Dos de los personajes, los Thenardier, que en el musical se convertían en parte del mundo del grotesco, recuperan su importante dimensión de representantes de las clases bajas que no pueden permitirse el lujo de emocionarse, porque deben sobrevivir. Hay que destacar las magníficas interpretaciones de Helena Bonham-Carter y sobre todo de Sacha Baron-Cohen.
Hugh Jackman está impecable en su interpretación del mítico Jean Valjean tanto en la faz actoral como en la musical. En Anne Hathaway volvemos a descubrir cuántas facetas importantes tiene esta magnífica actriz, su Fantine es de antología. Amanda Seyfried aporta lo que sabe hacer a la perfección al personaje de Cosette, así como Eddie Redmayne como Marius.
Mención aparte merece Samantha Barks como Eponime, un personaje que siempre ha acarreado éxito a sus intérpretes. También aparece Colm Wilkinson, el original Jean Valjean del teatro en Londres, en el personaje del obispo que salva a Valjean para Dios.
Dejo para el final a Russell Crowe quien aporta lo necesario actoralmente al perseguidor de Jean Valjean, el inspector Javert, pero lo musical no es lo suyo. Es una pena porque se sienten sus falencias cuando debe hacerse cargo de las arias del personaje.

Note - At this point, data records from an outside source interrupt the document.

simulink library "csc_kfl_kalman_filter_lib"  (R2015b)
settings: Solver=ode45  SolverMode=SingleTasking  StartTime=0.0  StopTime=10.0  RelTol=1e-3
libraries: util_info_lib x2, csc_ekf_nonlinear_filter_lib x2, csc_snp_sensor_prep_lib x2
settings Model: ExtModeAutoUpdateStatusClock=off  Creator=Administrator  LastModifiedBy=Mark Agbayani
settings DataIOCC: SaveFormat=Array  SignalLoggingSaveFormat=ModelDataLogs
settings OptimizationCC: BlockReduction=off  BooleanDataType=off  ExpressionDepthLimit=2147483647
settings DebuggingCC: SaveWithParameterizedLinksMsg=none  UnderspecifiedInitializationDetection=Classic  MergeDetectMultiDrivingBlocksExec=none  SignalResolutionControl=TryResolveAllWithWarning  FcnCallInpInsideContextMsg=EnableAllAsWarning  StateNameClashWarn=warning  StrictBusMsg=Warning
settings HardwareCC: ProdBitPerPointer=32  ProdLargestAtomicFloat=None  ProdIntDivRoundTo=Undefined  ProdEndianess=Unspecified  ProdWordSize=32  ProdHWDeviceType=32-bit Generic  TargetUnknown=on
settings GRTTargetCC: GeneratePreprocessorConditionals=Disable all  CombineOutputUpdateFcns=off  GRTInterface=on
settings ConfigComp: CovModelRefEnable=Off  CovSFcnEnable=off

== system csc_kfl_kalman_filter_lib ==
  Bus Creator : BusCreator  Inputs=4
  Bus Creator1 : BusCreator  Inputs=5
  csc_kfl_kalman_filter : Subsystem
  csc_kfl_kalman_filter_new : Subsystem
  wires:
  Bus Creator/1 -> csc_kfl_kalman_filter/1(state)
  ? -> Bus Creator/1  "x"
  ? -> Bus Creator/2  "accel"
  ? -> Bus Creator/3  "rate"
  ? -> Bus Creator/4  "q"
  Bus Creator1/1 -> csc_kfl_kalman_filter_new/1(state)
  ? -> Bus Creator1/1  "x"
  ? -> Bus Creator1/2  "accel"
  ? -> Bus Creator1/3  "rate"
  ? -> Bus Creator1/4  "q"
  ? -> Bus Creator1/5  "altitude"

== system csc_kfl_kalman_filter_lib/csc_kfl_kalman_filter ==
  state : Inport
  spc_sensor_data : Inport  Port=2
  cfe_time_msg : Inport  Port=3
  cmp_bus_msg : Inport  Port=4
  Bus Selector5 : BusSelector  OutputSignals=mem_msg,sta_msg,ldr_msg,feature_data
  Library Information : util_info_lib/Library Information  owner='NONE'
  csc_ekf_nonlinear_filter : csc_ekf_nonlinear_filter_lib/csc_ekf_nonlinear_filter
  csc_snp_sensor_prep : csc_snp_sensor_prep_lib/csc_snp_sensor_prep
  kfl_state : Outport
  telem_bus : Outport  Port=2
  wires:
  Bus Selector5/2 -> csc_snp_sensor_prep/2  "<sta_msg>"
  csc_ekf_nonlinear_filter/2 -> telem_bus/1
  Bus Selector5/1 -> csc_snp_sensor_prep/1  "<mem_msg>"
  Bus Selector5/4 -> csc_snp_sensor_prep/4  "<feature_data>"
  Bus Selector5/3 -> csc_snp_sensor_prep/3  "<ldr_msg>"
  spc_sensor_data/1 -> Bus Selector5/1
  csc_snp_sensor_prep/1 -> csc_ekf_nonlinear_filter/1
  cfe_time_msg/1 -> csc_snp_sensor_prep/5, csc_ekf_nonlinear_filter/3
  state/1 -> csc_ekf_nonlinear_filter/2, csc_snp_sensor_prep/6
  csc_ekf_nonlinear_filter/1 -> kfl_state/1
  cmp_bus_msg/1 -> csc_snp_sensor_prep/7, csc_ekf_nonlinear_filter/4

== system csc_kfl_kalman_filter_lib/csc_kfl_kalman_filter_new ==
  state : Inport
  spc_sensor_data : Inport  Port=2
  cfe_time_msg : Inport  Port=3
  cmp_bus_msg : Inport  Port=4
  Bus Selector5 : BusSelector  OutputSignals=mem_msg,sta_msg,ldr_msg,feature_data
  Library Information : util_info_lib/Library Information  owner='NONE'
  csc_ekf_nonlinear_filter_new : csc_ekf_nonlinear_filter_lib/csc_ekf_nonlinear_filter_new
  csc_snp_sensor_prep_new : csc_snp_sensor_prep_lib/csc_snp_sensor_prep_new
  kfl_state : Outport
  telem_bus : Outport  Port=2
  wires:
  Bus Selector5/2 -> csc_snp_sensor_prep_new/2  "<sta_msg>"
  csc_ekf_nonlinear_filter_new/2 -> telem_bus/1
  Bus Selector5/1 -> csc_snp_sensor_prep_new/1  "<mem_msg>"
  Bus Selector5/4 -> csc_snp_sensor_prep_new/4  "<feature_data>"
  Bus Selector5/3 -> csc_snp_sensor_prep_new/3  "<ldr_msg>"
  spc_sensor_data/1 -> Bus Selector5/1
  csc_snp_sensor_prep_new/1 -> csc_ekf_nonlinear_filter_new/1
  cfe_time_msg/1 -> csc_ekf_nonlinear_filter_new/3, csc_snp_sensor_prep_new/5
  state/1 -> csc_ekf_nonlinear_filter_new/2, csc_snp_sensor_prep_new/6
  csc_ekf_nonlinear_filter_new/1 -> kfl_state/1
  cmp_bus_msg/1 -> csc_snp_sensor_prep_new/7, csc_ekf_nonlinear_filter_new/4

Es muy importante hacer notar que todos los actores cantaron en vivo, o sea que no hicieron playback durante la filmación. Mientras actuaban estaban cantando o mientras cantaban estaban actuando, que es lo mismo.
Por lo demás, es una excepcional producción, que logra una vez más recuperar la novela del inmortal Victor Hugo para los espectadores y aunque más no sea de paso, remorder las conciencias, al fin y al cabo, hoy Francia va por el mismo camino que hace 150 años.
Un día más
El desafío de cantar en vivo
De cualquier manera que se lo vea es un espectáculo excepcional y excelentemente bien hecho.
Diez puntos sobre diez para esta hermosa película.